In United States v. Butler et al., the U. S. Supreme Court invalidates another piece of New Deal legislation, the Agricultural Adjustment Act of 1933.
The U. S. Congress passes the Walsh-Healey Government Contracts Act of 1936, which specifies working conditions and wages for employees of companies that had U. S. government contracts greater than $10,000.
Playwright Eugene O’Neill is awarded the Nobel Prize in literature.
Construction begins on architect Frank Lloyd Wright’s Falling Water, a modernist-style country house.
German dictator Adolf Hitler is infuriated when African - American athlete Jesse Owens wins four gold medals at the Olympic games in Berlin.
The U. S. Congress passes the Soil Conservation and Domestic Allotment Act of 1936 to control soil erosion and limit agricultural production.
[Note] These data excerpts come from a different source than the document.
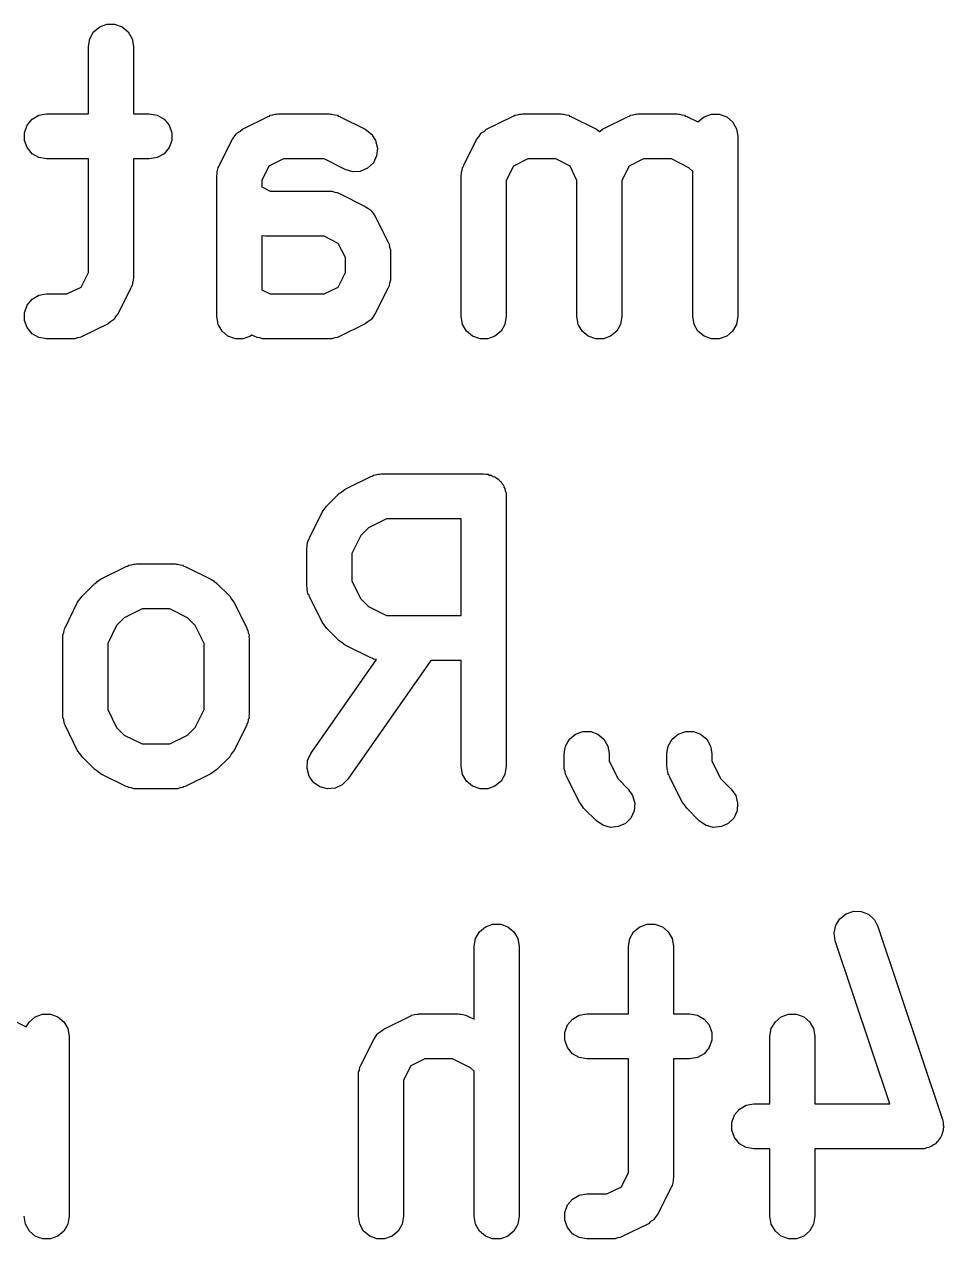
# Model space of a CAD drawing. Extents: x 105.7 to 188.1, y -135.5 to -88.6.
# Drawn here: x 173.683 to 175.726, y -116.891 to -114.192 of the extents above; entities that cross this region are included whole.
import ezdxf

# ---------------------------------------------------------------- set-up
doc = ezdxf.new("R2010")
doc.units = 0
doc.header["$MEASUREMENT"] = 0
doc.layers.add('BLACK', color=7, linetype='CONTINUOUS')

msp = doc.modelspace()

# ---------------------------------------------------------------- linework, layer by layer
at = {"layer": 'BLACK', "linetype": 'CONTINUOUS'}
for p, q in [((173.851, -114.198), (173.867, -114.192)), ((173.867, -114.192), (173.884, -114.192)), ((173.884, -114.192), (173.901, -114.198)), ((173.829, -114.224), (173.837, -114.209)), ((173.837, -114.209), (173.851, -114.198)), ((173.901, -114.198), (173.914, -114.209)), ((173.914, -114.209), (173.923, -114.224)), ((173.826, -114.241), (173.829, -114.224)), ((173.826, -114.391), (173.826, -114.241)), ((173.923, -114.224), (173.926, -114.241)), ((173.926, -114.241), (173.926, -114.391)), ((173.69, -114.416), (173.701, -114.403)), ((173.701, -114.403), (173.716, -114.394)), ((173.716, -114.394), (173.733, -114.391)), ((173.733, -114.391), (173.826, -114.391)), ((173.926, -114.391), (173.961, -114.391)), ((173.961, -114.391), (173.979, -114.394)), ((173.979, -114.394), (173.994, -114.403)), ((173.994, -114.403), (174.005, -114.416)), ((174.168, -114.425), (174.225, -114.397)), ((174.225, -114.397), (174.228, -114.396)), ((174.228, -114.396), (174.23, -114.394)), ((174.23, -114.394), (174.236, -114.393)), ((174.236, -114.393), (174.241, -114.392)), ((174.241, -114.392), (174.244, -114.392)), ((174.244, -114.392), (174.247, -114.391)), ((174.247, -114.391), (174.361, -114.391)), ((174.361, -114.391), (174.364, -114.392)), ((174.364, -114.392), (174.367, -114.392)), ((174.367, -114.392), (174.373, -114.393)), ((174.373, -114.393), (174.379, -114.394)), ((174.379, -114.394), (174.381, -114.396)), ((174.381, -114.396), (174.384, -114.397)), ((174.384, -114.397), (174.441, -114.425)), ((174.71, -114.425), (174.768, -114.397)), ((174.768, -114.397), (174.77, -114.396)), ((174.77, -114.396), (174.773, -114.394)), ((174.773, -114.394), (174.779, -114.393)), ((174.779, -114.393), (174.784, -114.392)), ((174.784, -114.392), (174.787, -114.392)), ((174.787, -114.392), (174.79, -114.391)), ((174.79, -114.391), (174.876, -114.391)), ((174.876, -114.391), (174.879, -114.392)), ((174.879, -114.392), (174.881, -114.392)), ((174.881, -114.392), (174.887, -114.393)), ((174.887, -114.393), (174.893, -114.394)), ((174.893, -114.394), (174.895, -114.396)), ((174.895, -114.396), (174.898, -114.397)), ((174.898, -114.397), (174.955, -114.425)), ((174.968, -114.425), (175.025, -114.397)), ((175.025, -114.397), (175.028, -114.396)), ((175.028, -114.396), (175.03, -114.394)), ((175.03, -114.394), (175.036, -114.393)), ((175.036, -114.393), (175.041, -114.392)), ((175.041, -114.392), (175.044, -114.392)), ((175.044, -114.392), (175.047, -114.391)), ((175.047, -114.391), (175.133, -114.391)), ((175.133, -114.391), (175.136, -114.392)), ((175.136, -114.392), (175.139, -114.392)), ((175.139, -114.392), (175.144, -114.393)), ((175.144, -114.393), (175.15, -114.394)), ((175.15, -114.394), (175.152, -114.396)), ((175.152, -114.396), (175.155, -114.397)), ((175.155, -114.397), (175.18, -114.409)), ((175.18, -114.409), (175.194, -114.398)), ((175.194, -114.398), (175.21, -114.392)), ((175.21, -114.392), (175.227, -114.392)), ((175.227, -114.392), (175.244, -114.398)), ((175.244, -114.398), (175.257, -114.409)), ((175.257, -114.409), (175.266, -114.424)), ((173.684, -114.433), (173.69, -114.416)), ((173.684, -114.45), (173.684, -114.433)), ((174.005, -114.416), (174.011, -114.433)), ((174.011, -114.433), (174.011, -114.45)), ((174.15, -114.442), (174.154, -114.436)), ((174.154, -114.436), (174.155, -114.435)), ((174.155, -114.435), (174.156, -114.434)), ((174.156, -114.434), (174.162, -114.43)), ((174.162, -114.43), (174.168, -114.425)), ((174.441, -114.425), (174.455, -114.436)), ((174.455, -114.436), (174.464, -114.45)), ((174.693, -114.442), (174.697, -114.436)), ((174.697, -114.436), (174.698, -114.435)), ((174.698, -114.434), (174.705, -114.43)), ((174.698, -114.435), (174.698, -114.434)), ((174.705, -114.43), (174.71, -114.425)), ((174.955, -114.425), (174.961, -114.43)), ((174.961, -114.43), (174.961, -114.43)), ((174.961, -114.43), (174.962, -114.43)), ((174.962, -114.43), (174.968, -114.425)), ((175.266, -114.424), (175.269, -114.441)), ((173.69, -114.466), (173.684, -114.45)), ((174.011, -114.45), (174.005, -114.466)), ((174.117, -114.505), (174.145, -114.448)), ((174.145, -114.448), (174.15, -114.442)), ((174.464, -114.45), (174.468, -114.467)), ((174.66, -114.505), (174.688, -114.448)), ((174.688, -114.448), (174.693, -114.442)), ((175.269, -114.441), (175.269, -114.841)), ((173.701, -114.48), (173.69, -114.466)), ((173.716, -114.488), (173.701, -114.48)), ((173.733, -114.491), (173.716, -114.488)), ((173.826, -114.491), (173.733, -114.491)), ((173.826, -114.744), (173.826, -114.491)), ((173.961, -114.491), (173.926, -114.491)), ((173.926, -114.491), (173.926, -114.756)), ((173.979, -114.488), (173.961, -114.491)), ((173.994, -114.48), (173.979, -114.488)), ((174.005, -114.466), (173.994, -114.48)), ((174.259, -114.491), (174.227, -114.507)), ((174.35, -114.491), (174.259, -114.491)), ((174.396, -114.515), (174.35, -114.491)), ((174.466, -114.484), (174.459, -114.5)), ((174.468, -114.467), (174.466, -114.484)), ((174.802, -114.491), (174.77, -114.507)), ((174.864, -114.491), (174.802, -114.491)), ((174.896, -114.507), (174.864, -114.491)), ((175.059, -114.491), (175.027, -114.507)), ((175.121, -114.491), (175.059, -114.491)), ((175.16, -114.511), (175.121, -114.491)), ((174.112, -114.521), (174.113, -114.516)), ((174.113, -114.516), (174.114, -114.51)), ((174.114, -114.51), (174.116, -114.508)), ((174.116, -114.508), (174.117, -114.505)), ((174.227, -114.507), (174.211, -114.539)), ((174.413, -114.52), (174.396, -114.515)), ((174.446, -114.512), (174.43, -114.519)), ((174.459, -114.5), (174.446, -114.512)), ((174.655, -114.521), (174.656, -114.516)), ((174.656, -114.516), (174.657, -114.51)), ((174.657, -114.51), (174.659, -114.508)), ((174.659, -114.508), (174.66, -114.505)), ((174.77, -114.507), (174.754, -114.539)), ((174.911, -114.539), (174.896, -114.507)), ((175.027, -114.507), (175.011, -114.539)), ((175.169, -114.519), (175.16, -114.511)), ((174.111, -114.527), (174.112, -114.524)), ((174.111, -114.841), (174.111, -114.527)), ((174.112, -114.524), (174.112, -114.521)), ((174.211, -114.539), (174.211, -114.553)), ((174.43, -114.519), (174.413, -114.52)), ((174.654, -114.527), (174.655, -114.524)), ((174.654, -114.841), (174.654, -114.527)), ((174.655, -114.524), (174.655, -114.521)), ((174.754, -114.539), (174.754, -114.841)), ((174.911, -114.841), (174.911, -114.539)), ((175.011, -114.539), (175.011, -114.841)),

British economist John Maynard Keynes asserts the importance of government spending in fostering full-production, full-employment prosperity in his book General Theory of Employment, Interest, and Money.
Ty Cobb becomes the first player elected to the National Baseball Hall of Fame.
In one of the largest landslide victories in American political history, Franklin D. Roosevelt is reelected to the presidency over Republican challenger Alfred M. Landon. Scientific public opinion polls are used to accurately predict this outcome.
Life magazine begins weekly publication November 19; the first photojournalistic magazine in America, it is an immediate success.
The United Automobile Workers (UAW) conducts a sit-down strike at General Motors’ Flint, Michigan, plant; after 40 days, GM recognizes the UAW in February 1937, setting a precedent for the automobile and steel industries.